## How to complete this task:
Find every line in the records below that holds the word "from", and copy each one.

## Information given:
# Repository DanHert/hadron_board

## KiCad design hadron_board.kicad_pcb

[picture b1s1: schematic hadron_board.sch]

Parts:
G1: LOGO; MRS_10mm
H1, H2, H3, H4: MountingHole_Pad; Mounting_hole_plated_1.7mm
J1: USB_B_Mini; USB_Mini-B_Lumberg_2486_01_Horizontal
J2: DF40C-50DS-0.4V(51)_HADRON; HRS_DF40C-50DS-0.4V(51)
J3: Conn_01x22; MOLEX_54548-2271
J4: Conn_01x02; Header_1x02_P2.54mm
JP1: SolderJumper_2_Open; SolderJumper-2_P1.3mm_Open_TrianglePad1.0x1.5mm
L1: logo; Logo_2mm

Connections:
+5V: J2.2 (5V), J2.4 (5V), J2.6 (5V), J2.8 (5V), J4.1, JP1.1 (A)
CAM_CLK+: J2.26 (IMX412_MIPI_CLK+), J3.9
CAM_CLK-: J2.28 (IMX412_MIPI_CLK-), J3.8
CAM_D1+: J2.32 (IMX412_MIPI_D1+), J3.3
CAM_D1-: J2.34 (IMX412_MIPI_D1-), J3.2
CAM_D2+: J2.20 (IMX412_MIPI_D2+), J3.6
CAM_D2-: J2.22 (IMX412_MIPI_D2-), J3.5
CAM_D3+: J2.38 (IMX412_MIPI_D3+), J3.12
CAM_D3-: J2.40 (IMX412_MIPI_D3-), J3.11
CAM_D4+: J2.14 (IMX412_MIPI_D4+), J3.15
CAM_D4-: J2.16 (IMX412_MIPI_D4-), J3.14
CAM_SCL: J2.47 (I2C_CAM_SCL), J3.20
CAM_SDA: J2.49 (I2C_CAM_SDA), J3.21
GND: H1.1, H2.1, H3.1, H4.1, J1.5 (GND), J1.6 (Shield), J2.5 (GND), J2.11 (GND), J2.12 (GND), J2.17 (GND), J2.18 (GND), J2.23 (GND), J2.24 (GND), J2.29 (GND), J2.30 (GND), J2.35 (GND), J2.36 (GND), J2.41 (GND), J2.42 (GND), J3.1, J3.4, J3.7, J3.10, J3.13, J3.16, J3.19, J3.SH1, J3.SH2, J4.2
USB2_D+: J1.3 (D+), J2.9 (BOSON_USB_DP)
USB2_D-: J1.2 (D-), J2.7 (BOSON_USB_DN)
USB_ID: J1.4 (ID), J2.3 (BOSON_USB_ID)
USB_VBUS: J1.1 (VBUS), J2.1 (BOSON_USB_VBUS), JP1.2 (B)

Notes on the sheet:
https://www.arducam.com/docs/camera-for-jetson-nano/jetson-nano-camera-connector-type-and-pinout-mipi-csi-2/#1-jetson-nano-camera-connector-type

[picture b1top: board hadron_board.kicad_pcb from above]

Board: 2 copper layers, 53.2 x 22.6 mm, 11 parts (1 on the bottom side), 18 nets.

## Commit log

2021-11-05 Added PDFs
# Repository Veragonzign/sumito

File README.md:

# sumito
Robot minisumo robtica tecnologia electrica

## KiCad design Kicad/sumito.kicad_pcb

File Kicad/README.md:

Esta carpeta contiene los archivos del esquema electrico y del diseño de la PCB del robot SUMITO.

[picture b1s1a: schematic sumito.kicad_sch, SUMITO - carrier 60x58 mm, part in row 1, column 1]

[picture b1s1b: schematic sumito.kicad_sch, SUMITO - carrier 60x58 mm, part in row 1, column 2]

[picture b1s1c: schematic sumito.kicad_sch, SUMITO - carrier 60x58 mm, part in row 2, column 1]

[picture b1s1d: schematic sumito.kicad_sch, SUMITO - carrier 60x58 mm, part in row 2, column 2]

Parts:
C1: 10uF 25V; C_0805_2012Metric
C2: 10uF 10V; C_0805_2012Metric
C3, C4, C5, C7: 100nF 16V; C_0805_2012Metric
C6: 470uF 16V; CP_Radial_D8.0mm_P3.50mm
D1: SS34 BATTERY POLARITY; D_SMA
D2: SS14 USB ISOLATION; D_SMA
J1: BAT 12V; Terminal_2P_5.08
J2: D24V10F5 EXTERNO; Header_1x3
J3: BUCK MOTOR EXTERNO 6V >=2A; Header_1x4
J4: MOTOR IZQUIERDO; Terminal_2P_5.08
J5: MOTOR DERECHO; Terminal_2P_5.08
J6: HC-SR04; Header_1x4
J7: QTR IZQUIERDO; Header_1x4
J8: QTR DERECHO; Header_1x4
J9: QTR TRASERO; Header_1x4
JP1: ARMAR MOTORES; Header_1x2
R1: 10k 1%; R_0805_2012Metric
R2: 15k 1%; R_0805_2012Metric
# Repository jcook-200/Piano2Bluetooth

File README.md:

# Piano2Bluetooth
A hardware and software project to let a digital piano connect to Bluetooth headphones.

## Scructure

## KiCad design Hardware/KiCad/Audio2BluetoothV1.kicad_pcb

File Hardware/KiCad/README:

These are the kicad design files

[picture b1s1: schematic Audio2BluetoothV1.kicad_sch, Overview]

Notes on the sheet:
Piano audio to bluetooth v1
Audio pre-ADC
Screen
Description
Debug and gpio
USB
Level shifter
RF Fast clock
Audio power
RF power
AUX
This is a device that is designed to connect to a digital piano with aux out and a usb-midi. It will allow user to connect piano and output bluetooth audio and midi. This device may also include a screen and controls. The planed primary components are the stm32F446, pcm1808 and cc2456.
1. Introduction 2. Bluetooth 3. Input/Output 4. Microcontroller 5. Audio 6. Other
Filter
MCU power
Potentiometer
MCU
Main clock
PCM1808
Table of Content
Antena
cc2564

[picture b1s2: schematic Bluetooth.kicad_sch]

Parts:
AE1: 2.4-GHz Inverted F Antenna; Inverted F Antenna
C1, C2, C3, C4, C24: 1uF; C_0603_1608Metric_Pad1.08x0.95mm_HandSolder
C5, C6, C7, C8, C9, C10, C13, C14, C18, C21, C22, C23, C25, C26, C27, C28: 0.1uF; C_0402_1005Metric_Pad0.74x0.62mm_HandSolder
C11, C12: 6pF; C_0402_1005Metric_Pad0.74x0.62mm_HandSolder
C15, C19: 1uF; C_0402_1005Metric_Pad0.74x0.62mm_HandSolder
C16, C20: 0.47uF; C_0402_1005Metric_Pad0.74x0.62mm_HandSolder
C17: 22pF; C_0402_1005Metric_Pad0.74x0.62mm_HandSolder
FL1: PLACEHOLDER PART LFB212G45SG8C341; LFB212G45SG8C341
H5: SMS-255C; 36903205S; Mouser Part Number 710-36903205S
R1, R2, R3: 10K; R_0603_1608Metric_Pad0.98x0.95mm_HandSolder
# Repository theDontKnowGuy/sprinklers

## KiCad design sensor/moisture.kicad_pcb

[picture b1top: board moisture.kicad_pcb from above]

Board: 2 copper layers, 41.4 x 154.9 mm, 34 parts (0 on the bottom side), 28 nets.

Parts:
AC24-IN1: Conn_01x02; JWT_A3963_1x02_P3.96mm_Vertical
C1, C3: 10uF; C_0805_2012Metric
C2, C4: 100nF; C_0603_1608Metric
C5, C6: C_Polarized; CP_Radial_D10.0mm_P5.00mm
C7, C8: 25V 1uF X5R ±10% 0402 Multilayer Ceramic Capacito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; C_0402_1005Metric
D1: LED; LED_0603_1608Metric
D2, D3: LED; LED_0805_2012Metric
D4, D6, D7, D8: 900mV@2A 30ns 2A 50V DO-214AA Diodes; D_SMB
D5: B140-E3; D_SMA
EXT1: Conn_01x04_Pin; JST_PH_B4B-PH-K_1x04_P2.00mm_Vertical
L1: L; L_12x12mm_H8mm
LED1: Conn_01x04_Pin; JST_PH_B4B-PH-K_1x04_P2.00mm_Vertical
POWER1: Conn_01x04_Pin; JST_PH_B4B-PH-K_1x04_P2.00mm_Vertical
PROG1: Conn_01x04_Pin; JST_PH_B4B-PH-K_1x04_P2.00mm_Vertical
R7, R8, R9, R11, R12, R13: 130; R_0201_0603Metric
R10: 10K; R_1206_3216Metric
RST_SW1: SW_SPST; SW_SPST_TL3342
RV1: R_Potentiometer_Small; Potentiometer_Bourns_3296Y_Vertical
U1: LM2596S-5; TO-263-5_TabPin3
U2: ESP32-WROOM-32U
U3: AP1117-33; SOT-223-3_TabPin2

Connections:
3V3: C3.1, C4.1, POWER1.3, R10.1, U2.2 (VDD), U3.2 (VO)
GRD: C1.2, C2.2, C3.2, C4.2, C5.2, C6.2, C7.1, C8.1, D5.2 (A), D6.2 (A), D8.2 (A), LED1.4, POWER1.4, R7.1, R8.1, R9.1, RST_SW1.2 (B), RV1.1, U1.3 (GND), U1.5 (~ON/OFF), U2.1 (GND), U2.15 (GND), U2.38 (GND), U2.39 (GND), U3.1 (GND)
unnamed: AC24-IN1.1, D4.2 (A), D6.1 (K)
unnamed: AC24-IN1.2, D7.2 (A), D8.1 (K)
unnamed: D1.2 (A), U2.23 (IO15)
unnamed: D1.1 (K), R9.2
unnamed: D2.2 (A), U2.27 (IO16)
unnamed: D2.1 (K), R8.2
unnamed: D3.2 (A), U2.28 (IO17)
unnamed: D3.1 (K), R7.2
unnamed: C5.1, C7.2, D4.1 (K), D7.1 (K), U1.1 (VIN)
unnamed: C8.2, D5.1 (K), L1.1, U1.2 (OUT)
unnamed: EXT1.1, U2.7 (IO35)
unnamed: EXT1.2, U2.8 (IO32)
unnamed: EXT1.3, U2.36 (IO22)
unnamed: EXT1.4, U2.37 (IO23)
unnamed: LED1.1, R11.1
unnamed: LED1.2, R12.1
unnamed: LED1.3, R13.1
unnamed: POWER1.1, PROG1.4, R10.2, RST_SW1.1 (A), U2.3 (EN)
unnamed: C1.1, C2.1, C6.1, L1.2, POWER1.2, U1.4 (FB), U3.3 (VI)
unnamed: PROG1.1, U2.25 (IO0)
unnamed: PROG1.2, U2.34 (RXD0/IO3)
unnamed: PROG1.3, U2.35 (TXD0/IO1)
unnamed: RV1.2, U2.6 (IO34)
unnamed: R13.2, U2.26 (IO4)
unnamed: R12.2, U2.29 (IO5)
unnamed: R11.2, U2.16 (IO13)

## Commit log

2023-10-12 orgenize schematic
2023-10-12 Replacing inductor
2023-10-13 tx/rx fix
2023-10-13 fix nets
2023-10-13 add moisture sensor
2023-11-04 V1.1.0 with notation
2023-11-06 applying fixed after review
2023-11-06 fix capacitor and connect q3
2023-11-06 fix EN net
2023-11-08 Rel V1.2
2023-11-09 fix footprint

## Solved problem:
[picture b1top: board hadron_board.kicad_pcb from above]
[picture b1top: board moisture.kicad_pcb from above]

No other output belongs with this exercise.